What they're saying: In a statement, the GFCE said it "respects the decision of the U.S. government" and expressed appreciation for the country's 10 years of "extensive commitment and constructive involvement."

• Kirsi Pere, a spokesperson for Hybrid CoE, said the group is working to clarify what the decision means practically. It will be "very unfortunate" if the U.S., a founding member, withdraws its cooperation, she said.
• The FOC did not respond to a request for comment.

@ D.C.

🇮🇷 President Trump is being briefed on several options for retaliating against Iran if the regime kills protesters, including offensive cyberattacks. (Axios)

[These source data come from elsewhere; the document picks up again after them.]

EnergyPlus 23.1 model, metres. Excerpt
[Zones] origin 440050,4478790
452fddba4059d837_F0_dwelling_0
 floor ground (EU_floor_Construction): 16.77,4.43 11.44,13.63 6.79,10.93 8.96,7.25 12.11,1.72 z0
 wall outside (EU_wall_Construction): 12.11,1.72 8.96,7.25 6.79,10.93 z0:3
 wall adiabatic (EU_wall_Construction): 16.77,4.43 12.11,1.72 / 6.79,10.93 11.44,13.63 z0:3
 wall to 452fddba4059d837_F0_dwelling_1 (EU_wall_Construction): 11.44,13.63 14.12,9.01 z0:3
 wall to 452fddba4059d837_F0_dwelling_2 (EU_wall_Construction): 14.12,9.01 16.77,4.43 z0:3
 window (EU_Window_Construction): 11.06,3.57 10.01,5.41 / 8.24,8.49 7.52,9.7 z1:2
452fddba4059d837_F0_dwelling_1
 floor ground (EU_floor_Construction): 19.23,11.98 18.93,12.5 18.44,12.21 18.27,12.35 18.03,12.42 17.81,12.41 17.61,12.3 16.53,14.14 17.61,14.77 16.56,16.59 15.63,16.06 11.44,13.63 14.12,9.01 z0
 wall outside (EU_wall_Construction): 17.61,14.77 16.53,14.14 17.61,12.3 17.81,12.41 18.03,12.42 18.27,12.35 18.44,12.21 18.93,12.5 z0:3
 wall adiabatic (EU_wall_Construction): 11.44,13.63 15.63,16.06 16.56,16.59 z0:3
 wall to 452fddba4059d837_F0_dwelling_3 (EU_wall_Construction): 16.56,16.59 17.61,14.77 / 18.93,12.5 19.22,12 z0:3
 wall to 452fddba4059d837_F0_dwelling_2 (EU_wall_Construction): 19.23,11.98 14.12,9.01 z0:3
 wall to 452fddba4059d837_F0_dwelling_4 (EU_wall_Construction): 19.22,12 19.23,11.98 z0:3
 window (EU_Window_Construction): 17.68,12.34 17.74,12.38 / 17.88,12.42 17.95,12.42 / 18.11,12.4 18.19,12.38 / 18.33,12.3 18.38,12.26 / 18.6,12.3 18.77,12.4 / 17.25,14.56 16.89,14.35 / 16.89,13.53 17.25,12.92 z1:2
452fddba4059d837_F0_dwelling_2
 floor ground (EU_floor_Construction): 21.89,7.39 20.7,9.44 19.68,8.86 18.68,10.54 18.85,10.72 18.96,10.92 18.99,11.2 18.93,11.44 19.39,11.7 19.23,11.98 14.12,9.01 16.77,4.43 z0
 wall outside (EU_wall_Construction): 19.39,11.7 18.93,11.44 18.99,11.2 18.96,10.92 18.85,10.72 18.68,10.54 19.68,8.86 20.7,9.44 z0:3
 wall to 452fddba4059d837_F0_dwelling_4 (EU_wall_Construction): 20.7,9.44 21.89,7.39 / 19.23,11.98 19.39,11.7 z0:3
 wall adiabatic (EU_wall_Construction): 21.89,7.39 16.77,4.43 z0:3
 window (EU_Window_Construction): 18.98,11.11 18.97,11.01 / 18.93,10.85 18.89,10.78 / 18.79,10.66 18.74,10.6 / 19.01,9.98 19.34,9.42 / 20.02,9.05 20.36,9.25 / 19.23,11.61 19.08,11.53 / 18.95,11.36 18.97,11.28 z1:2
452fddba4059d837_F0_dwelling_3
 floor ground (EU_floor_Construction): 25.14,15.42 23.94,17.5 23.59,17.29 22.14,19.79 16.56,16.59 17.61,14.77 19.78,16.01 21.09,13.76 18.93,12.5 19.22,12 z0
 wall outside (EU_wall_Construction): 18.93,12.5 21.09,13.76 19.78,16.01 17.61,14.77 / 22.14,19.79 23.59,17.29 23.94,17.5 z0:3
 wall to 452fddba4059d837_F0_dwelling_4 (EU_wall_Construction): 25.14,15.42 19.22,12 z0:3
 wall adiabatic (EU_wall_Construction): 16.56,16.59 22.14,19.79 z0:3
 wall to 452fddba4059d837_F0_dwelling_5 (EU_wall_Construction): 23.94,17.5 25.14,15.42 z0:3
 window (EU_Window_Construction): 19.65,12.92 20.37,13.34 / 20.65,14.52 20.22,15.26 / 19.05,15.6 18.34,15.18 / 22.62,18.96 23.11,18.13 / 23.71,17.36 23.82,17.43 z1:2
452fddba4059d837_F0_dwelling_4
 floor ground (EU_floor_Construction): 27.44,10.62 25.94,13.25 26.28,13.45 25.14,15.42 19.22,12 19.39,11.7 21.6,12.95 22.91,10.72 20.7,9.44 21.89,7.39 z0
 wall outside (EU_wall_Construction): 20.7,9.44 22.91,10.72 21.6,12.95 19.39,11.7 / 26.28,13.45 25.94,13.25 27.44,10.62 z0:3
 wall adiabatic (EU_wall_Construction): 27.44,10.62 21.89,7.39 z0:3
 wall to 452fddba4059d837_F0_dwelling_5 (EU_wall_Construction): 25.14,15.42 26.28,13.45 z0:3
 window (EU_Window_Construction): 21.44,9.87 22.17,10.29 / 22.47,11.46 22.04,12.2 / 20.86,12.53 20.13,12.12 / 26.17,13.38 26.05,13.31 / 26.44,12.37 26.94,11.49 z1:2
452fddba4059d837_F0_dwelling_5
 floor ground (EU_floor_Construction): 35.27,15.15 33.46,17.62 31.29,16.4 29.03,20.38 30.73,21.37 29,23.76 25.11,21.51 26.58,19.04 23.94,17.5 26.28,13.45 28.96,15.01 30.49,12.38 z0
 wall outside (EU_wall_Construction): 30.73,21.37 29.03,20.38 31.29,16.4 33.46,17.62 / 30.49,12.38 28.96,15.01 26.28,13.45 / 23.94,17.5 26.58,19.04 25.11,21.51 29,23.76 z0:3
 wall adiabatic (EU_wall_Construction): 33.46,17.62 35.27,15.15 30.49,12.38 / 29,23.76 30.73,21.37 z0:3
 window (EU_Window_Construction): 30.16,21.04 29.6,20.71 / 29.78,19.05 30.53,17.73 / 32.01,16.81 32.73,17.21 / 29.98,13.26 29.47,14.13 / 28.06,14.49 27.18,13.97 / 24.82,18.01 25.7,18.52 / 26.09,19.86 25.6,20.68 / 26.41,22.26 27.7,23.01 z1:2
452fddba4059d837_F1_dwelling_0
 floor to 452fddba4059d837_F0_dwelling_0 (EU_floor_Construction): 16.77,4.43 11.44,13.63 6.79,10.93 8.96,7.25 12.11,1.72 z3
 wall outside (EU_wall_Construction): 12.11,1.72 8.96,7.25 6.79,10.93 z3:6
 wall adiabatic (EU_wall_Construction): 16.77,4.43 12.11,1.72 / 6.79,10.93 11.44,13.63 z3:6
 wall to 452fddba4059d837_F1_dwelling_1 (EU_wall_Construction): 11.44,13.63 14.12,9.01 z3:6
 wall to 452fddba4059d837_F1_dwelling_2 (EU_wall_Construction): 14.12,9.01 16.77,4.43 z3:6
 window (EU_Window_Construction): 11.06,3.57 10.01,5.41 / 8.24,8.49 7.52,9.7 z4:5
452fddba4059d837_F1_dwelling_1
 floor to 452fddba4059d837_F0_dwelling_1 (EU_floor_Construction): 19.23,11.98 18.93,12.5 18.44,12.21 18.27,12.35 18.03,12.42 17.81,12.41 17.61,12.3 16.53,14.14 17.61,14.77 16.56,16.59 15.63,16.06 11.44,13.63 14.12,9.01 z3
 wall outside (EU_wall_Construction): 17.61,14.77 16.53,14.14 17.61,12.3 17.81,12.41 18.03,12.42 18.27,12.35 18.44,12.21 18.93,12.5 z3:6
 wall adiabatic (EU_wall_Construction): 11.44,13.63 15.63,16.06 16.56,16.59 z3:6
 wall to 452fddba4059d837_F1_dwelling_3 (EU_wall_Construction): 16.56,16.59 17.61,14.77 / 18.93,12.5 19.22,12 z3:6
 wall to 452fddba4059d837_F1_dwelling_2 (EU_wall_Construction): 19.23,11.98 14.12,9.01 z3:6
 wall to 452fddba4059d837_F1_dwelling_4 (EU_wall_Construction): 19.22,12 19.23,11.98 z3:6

🔌 A look at the signs that make former military officials think a cyberattack was behind the blackouts in Venezuela during the Maduro operation. (Axios)

📲 ICE now has a way to surveil mobile phones in an entire neighborhood and track their movements over time, according to internal documents. (404 Media)

@ Industry

💰 Cyera's $400 million Series F round is just the latest headline-grabbing deal in the data security space. (Axios Pro)

💸 CrowdStrike is buying identity security startup SGNL for $740 million as part of its efforts to help customers fend off AI threats. (Reuters) And it's also acquiring browser security company Seraphic Security. (Forbes)

🧽 OpenAI has been asking contractors to upload projects from past jobs to evaluate the performance of AI agents — and leaving it up to the contractors to scrub any confidential information in those documents. (Wired)

@ Hackers and hacks

⚠️ Attackers are exploiting two zero-day flaws found in Trend Micro's Apex One Management Console on Windows systems. (Dark Reading)

👀 The Cambodian government has extradited the alleged leader of one of Asia's largest conglomerates, who is wanted in the U.S., to China. (Wall Street Journal)

🚀 The European Space Agency suffered a second data breach last week, with one cybercriminal gang claiming it stole 500 gigabytes of sensitive data. (The Register)

💫 🌌 Seeing a lot of shock that CES featured several astrology AI apps!

• I'm sorry, but if you aren't already using ChatGPT for (fun!) astrology lessons... what's taking you so long?